*What is required*:
What you return must be the lines from the first one below through the one containing "color=color, linetype=linetype, lineweight=lineweight)", exactly and with pictures excluded.

*Stored data entries*:
=-=-=

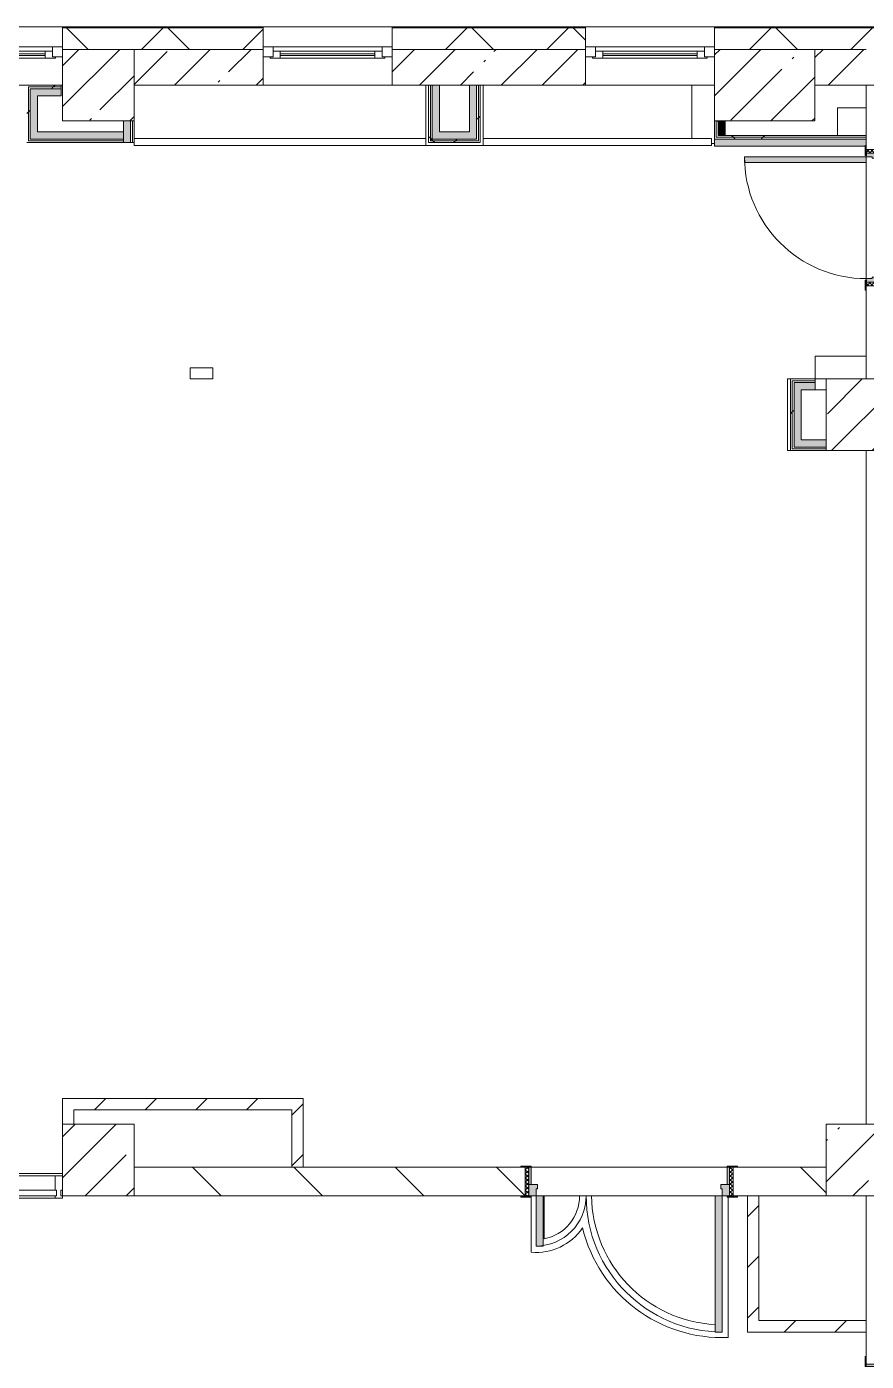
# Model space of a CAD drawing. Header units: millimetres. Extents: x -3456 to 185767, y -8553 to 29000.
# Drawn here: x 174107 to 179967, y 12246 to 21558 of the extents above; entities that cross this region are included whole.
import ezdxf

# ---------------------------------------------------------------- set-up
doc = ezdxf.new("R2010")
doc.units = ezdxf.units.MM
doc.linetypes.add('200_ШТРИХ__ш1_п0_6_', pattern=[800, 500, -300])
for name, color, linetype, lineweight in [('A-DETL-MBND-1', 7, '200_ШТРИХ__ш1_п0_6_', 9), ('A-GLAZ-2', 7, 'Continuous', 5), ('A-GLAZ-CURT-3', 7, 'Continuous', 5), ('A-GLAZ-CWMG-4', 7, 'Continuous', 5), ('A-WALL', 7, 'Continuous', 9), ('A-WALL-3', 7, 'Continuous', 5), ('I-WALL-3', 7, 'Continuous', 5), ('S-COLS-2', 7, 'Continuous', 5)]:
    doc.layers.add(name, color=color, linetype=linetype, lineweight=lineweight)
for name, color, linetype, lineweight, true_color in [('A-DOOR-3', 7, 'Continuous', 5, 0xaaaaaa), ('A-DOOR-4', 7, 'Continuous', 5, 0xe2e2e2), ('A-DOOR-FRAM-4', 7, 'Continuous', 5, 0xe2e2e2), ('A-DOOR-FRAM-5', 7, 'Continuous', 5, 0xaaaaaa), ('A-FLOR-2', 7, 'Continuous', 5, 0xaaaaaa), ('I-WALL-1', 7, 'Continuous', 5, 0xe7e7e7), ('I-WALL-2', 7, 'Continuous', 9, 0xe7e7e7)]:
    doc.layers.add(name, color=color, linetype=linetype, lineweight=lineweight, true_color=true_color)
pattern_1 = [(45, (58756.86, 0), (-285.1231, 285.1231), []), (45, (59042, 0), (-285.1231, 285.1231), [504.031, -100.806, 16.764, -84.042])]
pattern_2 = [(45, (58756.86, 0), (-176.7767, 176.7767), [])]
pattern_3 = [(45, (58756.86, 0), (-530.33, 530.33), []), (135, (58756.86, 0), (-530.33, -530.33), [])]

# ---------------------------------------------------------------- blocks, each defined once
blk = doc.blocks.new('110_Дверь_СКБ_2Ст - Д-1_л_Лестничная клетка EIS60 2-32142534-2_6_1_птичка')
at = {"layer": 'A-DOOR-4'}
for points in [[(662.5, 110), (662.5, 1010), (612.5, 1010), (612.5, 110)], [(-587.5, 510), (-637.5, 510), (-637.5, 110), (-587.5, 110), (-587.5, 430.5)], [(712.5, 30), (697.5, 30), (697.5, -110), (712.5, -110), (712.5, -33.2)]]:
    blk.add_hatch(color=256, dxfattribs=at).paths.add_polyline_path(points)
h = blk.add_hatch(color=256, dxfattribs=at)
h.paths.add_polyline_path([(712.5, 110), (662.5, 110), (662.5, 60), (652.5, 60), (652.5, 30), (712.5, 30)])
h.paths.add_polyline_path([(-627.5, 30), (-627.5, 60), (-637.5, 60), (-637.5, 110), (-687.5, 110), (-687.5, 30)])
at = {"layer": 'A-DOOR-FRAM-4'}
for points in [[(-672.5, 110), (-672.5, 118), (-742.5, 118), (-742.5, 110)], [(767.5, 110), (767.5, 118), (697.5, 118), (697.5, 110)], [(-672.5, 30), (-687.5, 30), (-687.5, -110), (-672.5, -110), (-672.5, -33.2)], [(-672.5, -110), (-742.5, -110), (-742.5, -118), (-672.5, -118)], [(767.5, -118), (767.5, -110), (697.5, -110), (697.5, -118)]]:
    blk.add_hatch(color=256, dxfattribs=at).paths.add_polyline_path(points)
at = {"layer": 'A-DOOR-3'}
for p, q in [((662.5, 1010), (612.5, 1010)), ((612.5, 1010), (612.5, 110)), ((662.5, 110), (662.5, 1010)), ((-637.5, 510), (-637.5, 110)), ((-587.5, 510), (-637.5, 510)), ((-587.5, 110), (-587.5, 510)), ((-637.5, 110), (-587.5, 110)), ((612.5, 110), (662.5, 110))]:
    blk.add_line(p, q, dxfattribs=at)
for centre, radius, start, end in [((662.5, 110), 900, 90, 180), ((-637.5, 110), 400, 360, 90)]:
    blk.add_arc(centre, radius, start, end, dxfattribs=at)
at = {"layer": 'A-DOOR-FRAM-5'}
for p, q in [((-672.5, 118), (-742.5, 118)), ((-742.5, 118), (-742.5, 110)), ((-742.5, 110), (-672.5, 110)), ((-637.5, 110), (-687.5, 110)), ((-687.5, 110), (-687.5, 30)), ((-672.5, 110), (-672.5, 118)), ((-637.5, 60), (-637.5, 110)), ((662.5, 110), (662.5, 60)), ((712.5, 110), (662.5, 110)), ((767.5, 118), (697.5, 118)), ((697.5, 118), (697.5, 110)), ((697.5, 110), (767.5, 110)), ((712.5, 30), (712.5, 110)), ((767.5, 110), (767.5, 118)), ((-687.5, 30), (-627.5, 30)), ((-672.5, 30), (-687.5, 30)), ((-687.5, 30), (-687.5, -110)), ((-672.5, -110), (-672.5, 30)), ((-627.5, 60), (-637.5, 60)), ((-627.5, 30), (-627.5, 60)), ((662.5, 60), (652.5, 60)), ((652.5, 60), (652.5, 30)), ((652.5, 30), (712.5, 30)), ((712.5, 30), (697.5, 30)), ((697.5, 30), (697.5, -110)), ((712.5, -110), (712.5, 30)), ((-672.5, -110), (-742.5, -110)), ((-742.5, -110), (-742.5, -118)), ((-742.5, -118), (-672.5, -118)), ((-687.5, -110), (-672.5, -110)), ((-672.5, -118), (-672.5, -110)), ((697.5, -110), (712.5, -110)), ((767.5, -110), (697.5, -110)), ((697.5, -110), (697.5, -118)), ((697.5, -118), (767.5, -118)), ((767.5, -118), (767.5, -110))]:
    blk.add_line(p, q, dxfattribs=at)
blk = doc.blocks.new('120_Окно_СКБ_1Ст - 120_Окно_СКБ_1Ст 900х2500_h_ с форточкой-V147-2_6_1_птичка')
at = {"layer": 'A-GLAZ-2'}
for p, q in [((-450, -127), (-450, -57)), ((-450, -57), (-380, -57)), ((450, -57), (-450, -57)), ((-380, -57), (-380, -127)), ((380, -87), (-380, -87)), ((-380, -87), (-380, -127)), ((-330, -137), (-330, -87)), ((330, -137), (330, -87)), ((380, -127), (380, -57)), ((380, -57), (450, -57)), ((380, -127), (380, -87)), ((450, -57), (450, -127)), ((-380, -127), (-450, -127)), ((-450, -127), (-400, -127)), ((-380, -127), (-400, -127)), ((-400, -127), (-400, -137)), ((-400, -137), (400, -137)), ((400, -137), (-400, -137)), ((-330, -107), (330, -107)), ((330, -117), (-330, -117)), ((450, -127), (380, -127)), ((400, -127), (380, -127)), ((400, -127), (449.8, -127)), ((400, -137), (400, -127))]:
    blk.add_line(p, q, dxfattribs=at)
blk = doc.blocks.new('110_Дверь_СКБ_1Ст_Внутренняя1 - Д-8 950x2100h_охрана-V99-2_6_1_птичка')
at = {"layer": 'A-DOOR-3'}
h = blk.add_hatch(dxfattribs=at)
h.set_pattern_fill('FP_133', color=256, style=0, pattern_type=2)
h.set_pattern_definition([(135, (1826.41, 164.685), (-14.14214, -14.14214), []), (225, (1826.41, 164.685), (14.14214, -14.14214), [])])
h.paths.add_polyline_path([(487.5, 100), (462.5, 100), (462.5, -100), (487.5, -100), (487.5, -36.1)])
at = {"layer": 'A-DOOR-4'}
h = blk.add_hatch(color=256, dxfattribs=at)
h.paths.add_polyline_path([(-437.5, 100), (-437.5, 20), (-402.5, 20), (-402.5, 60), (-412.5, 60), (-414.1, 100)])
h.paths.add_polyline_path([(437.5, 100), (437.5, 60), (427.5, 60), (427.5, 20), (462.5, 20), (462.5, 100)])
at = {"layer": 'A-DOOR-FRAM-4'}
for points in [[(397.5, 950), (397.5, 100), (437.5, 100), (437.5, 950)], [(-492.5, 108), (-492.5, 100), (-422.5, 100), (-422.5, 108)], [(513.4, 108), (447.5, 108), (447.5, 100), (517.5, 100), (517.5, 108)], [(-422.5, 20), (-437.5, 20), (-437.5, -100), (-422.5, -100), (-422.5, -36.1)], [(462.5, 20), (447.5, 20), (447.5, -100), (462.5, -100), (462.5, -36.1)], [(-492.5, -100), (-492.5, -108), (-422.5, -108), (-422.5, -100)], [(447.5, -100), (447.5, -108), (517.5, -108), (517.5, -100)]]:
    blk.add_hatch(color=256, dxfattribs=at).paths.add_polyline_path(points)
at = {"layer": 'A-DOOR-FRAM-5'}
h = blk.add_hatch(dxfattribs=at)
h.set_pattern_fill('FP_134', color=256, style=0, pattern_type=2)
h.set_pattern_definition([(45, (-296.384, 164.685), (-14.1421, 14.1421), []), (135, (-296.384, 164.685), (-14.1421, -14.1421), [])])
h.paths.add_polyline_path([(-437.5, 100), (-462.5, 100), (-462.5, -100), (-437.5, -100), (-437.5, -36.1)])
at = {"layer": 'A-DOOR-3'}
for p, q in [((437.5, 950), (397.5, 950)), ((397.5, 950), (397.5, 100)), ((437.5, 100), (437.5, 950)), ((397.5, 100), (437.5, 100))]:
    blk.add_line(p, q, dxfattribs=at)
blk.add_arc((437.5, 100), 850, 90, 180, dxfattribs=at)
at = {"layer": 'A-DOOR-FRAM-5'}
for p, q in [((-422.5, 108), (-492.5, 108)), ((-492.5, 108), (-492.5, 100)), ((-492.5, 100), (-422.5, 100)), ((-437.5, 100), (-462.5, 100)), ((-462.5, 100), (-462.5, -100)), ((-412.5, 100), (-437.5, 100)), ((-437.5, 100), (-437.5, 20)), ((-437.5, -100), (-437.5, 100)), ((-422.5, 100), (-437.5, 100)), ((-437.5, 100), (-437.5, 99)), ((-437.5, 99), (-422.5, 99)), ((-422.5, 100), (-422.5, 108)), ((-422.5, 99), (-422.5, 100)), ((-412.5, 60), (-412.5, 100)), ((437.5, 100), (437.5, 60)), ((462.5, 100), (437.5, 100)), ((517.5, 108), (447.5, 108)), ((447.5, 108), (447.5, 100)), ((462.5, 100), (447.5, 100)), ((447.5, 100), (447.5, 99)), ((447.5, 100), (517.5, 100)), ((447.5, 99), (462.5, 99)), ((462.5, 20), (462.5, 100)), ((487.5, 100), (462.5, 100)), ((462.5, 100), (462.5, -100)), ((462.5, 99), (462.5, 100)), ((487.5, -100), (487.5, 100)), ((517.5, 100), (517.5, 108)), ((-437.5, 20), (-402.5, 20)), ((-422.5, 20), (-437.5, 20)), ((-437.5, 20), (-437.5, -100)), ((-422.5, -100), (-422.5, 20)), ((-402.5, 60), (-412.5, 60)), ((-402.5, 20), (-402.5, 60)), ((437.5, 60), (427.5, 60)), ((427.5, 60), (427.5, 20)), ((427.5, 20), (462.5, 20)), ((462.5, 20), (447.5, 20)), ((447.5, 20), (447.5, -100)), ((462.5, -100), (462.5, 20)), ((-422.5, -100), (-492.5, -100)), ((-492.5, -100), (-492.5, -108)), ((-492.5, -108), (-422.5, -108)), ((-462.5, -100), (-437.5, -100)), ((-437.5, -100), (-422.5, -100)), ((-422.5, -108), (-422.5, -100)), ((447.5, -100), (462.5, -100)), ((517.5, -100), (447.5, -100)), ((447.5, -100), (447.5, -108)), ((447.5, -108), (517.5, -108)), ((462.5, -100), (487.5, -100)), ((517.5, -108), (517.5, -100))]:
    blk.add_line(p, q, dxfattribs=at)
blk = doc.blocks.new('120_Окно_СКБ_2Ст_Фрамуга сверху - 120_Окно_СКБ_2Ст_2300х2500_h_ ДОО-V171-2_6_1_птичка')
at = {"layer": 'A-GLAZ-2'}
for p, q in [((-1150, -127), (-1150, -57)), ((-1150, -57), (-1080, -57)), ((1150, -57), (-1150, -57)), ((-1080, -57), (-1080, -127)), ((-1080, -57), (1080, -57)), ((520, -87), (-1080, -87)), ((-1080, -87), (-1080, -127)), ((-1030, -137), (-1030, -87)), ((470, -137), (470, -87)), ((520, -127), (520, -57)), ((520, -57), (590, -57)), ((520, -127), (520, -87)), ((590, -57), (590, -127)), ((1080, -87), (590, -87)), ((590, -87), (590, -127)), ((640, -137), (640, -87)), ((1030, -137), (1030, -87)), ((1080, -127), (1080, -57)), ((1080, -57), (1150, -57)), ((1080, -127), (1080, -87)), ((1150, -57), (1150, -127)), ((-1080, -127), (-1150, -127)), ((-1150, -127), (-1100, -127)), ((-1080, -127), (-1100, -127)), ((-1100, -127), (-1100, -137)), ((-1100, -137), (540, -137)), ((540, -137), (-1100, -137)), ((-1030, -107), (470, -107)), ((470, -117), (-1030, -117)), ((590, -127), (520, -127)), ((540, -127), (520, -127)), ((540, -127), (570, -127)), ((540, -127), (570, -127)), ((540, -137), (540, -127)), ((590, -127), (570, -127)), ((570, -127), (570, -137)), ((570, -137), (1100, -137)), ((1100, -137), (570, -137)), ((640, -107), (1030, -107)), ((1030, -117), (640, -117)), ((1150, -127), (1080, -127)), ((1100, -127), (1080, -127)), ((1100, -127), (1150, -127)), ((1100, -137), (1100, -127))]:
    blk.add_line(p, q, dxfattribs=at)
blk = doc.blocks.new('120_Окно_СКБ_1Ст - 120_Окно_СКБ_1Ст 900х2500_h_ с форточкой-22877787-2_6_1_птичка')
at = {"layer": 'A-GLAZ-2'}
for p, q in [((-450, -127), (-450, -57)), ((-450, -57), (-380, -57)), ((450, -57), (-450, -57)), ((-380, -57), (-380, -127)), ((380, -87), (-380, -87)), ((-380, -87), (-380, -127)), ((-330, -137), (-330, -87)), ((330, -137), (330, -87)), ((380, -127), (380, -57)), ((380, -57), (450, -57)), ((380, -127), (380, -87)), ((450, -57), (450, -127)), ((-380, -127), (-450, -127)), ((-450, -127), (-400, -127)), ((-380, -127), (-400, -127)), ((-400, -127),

=-=-=

*Worked solution*:
# Model space of a CAD drawing. Header units: millimetres. Extents: x -3456 to 185767, y -8553 to 29000.
# Drawn here: x 174107 to 179967, y 12246 to 21558 of the extents above; entities that cross this region are included whole.
import ezdxf

# ---------------------------------------------------------------- set-up
doc = ezdxf.new("R2010")
doc.units = ezdxf.units.MM
doc.linetypes.add('200_ШТРИХ__ш1_п0_6_', pattern=[800, 500, -300])
for name, color, linetype, lineweight in [('A-DETL-MBND-1', 7, '200_ШТРИХ__ш1_п0_6_', 9), ('A-GLAZ-2', 7, 'Continuous', 5), ('A-GLAZ-CURT-3', 7, 'Continuous', 5), ('A-GLAZ-CWMG-4', 7, 'Continuous', 5), ('A-WALL', 7, 'Continuous', 9), ('A-WALL-3', 7, 'Continuous', 5), ('I-WALL-3', 7, 'Continuous', 5), ('S-COLS-2', 7, 'Continuous', 5)]:
    doc.layers.add(name, color=color, linetype=linetype, lineweight=lineweight)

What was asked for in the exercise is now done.